Each line of the data must be given back verbatim, with pictures removed.

Dataset items:
<<<<

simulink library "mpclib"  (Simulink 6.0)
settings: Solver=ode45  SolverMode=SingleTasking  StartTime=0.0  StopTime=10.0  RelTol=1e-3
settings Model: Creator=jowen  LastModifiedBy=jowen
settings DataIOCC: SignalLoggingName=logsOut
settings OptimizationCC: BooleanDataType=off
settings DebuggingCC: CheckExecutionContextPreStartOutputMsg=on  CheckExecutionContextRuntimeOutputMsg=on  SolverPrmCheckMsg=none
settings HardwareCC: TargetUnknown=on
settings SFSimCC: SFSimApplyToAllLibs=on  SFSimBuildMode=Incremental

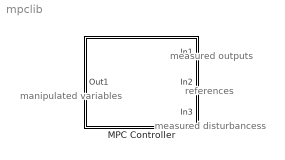
== system mpclib ==
  note: manipulated
      | variables
  note: measured
      | outputs
  note: references
  note: measured
      | disturbancess
  MPC Controller : Subsystem  Orientation=left  LoadFcn=mpc_block_resize  InitFcn=mpc_init  StartFcn=mpc_chkdimensions_sim  PropExecContextAcrossSSBoundary=on  mask(MPC){mpcobj=, n_mv=0, x0=[], ref_from_ws=off, ref_signal_name=[], ref_preview=on, md_from_ws=off, md_signal_name=[], md_preview=on, from_project=off, md_inport=on, project_file=MPCtask.mat, project_name=, task_name=}
      mask prompts: mpcobj "MPC Object"; n_mv "Starting Number of MVs"; x0 "Initial Extended State"; ref_from_ws "Reference from Workspace"; ref_signal_name "Reference"; ref_preview "Reference Preview"; md_from_ws "Measured Disturbance from workspace"; md_signal_name "Measured Disturbance"; md_preview "Measured Disturbance Preview"; from_project "Controller From Project"; md_inport "MD Signal"; project_file "Project File"; project_name "Project Name"; task_name "Task Name"
      mask init:
      | [ts,A,Cm,Dvm,Bu,Bv,PTYPE,nu,nv,nym,ny,nx,degrees,L,MuKduINV,KduINV,Kx,Ku1,Kut,Kr,Kv,zmin,rhsc0,Mlim,Mx,Mu1,Mv,rhsa0,TAB,optimalseq,utarget,lastx,lastu,p,Jm,DUFree,uoff,yoff,voff,myoff,no_md,no_ref,ref_from_ws,ref_signal,ref_preview,md_from_ws,md_signal,md_preview,maxiter,nxQP,openloopflag,md_inport,no_ym] = mpc_get_param_sim;
      | mpc_block_resize(gcb);
      settings: DeleteFcn=mpc_deletetask  OpenFcn=mpc_mask
      mask Display:
      | fprintf('MPC');
      | port_label('output', 1, 'mv')
      | port_label('input', 1, 'mo')
      | port_label('input', 2, 'ref')
      | port_label('input', 3, 'md')
      | port_label('input', 3, 'md')
      | port_label('input', 3, 'md')
      | port_label('input', 3, 'md')
      | port_label('input', 3, 'md')
      | port_label('input', 3, 'md')
      | port_label('input', 3, 'md')
      | port_label('input', 3, 'md')
      | port_label('input', 3, 'md')

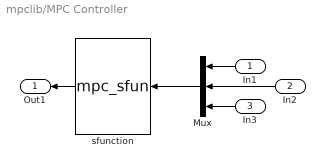
== system mpclib/MPC Controller ==
  In1 : Inport  Orientation=left  LatchInput=off
  In2 : Inport  Orientation=left  Port=2  LatchInput=off
  In3 : Inport  Orientation=left  Port=3  LatchInput=off
  Mux : Mux  Orientation=left  Inputs=3
  sfunction : S-Function  Orientation=left  FunctionName=mpc_sfun  Parameters=ts,A,Cm,Dvm,Bu,Bv,PTYPE,nu,nv,nym,ny,nx,degrees,L,MuKduINV,KduINV,Kx,Ku1,Kut,Kr,Kv,zmin,rhsc0,Mlim,Mx,Mu1,Mv,rhsa0,TAB,optimalseq,utarget,lastx,lastu,p,Jm,DUFree,uoff,yoff,voff,myoff,no_md,no_ref,ref_from_ws,ref_signal,ref_preview,md_from_ws,md_signal,md_preview,maxiter,nxQP,openloopflag,md_inport,no_ym
  Out1 : Outport  Orientation=left
  wires:
  Mux/1 -> sfunction/1
  In1/1 -> Mux/1
  sfunction/1 -> Out1/1
  In2/1 -> Mux/2
  In3/1 -> Mux/3

>>>>

=== Written response ===
simulink library "mpclib"  (Simulink 6.0)
settings: Solver=ode45  SolverMode=SingleTasking  StartTime=0.0  StopTime=10.0  RelTol=1e-3
settings Model: Creator=jowen  LastModifiedBy=jowen
settings DataIOCC: SignalLoggingName=logsOut
settings OptimizationCC: BooleanDataType=off
settings DebuggingCC: CheckExecutionContextPreStartOutputMsg=on  CheckExecutionContextRuntimeOutputMsg=on  SolverPrmCheckMsg=none
settings HardwareCC: TargetUnknown=on
settings SFSimCC: SFSimApplyToAllLibs=on  SFSimBuildMode=Incremental

== system mpclib ==
  note: manipulated
      | variables
  note: measured
      | outputs
  note: references
  note: measured
      | disturbancess
  MPC Controller : Subsystem  Orientation=left  LoadFcn=mpc_block_resize  InitFcn=mpc_init  StartFcn=mpc_chkdimensions_sim  PropExecContextAcrossSSBoundary=on  mask(MPC){mpcobj=, n_mv=0, x0=[], ref_from_ws=off, ref_signal_name=[], ref_preview=on, md_from_ws=off, md_signal_name=[], md_preview=on, from_project=off, md_inport=on, project_file=MPCtask.mat, project_name=, task_name=}
      mask prompts: mpcobj "MPC Object"; n_mv "Starting Number of MVs"; x0 "Initial Extended State"; ref_from_ws "Reference from Workspace"; ref_signal_name "Reference"; ref_preview "Reference Preview"; md_from_ws "Measured Disturbance from workspace"; md_signal_name "Measured Disturbance"; md_preview "Measured Disturbance Preview"; from_project "Controller From Project"; md_inport "MD Signal"; project_file "Project File"; project_name "Project Name"; task_name "Task Name"
      mask init:
      | [ts,A,Cm,Dvm,Bu,Bv,PTYPE,nu,nv,nym,ny,nx,degrees,L,MuKduINV,KduINV,Kx,Ku1,Kut,Kr,Kv,zmin,rhsc0,Mlim,Mx,Mu1,Mv,rhsa0,TAB,optimalseq,utarget,lastx,lastu,p,Jm,DUFree,uoff,yoff,voff,myoff,no_md,no_ref,ref_from_ws,ref_signal,ref_preview,md_from_ws,md_signal,md_preview,maxiter,nxQP,openloopflag,md_inport,no_ym] = mpc_get_param_sim;
      | mpc_block_resize(gcb);
      settings: DeleteFcn=mpc_deletetask  OpenFcn=mpc_mask
      mask Display:
      | fprintf('MPC');
      | port_label('output', 1, 'mv')
      | port_label('input', 1, 'mo')
      | port_label('input', 2, 'ref')
      | port_label('input', 3, 'md')
      | port_label('input', 3, 'md')
      | port_label('input', 3, 'md')
      | port_label('input', 3, 'md')
      | port_label('input', 3, 'md')
      | port_label('input', 3, 'md')
      | port_label('input', 3, 'md')
      | port_label('input', 3, 'md')
      | port_label('input', 3, 'md')

== system mpclib/MPC Controller ==
  In1 : Inport  Orientation=left  LatchInput=off
  In2 : Inport  Orientation=left  Port=2  LatchInput=off
  In3 : Inport  Orientation=left  Port=3  LatchInput=off
  Mux : Mux  Orientation=left  Inputs=3
  sfunction : S-Function  Orientation=left  FunctionName=mpc_sfun  Parameters=ts,A,Cm,Dvm,Bu,Bv,PTYPE,nu,nv,nym,ny,nx,degrees,L,MuKduINV,KduINV,Kx,Ku1,Kut,Kr,Kv,zmin,rhsc0,Mlim,Mx,Mu1,Mv,rhsa0,TAB,optimalseq,utarget,lastx,lastu,p,Jm,DUFree,uoff,yoff,voff,myoff,no_md,no_ref,ref_from_ws,ref_signal,ref_preview,md_from_ws,md_signal,md_preview,maxiter,nxQP,openloopflag,md_inport,no_ym
  Out1 : Outport  Orientation=left
  wires:
  Mux/1 -> sfunction/1
  In1/1 -> Mux/1
  sfunction/1 -> Out1/1
  In2/1 -> Mux/2
  In3/1 -> Mux/3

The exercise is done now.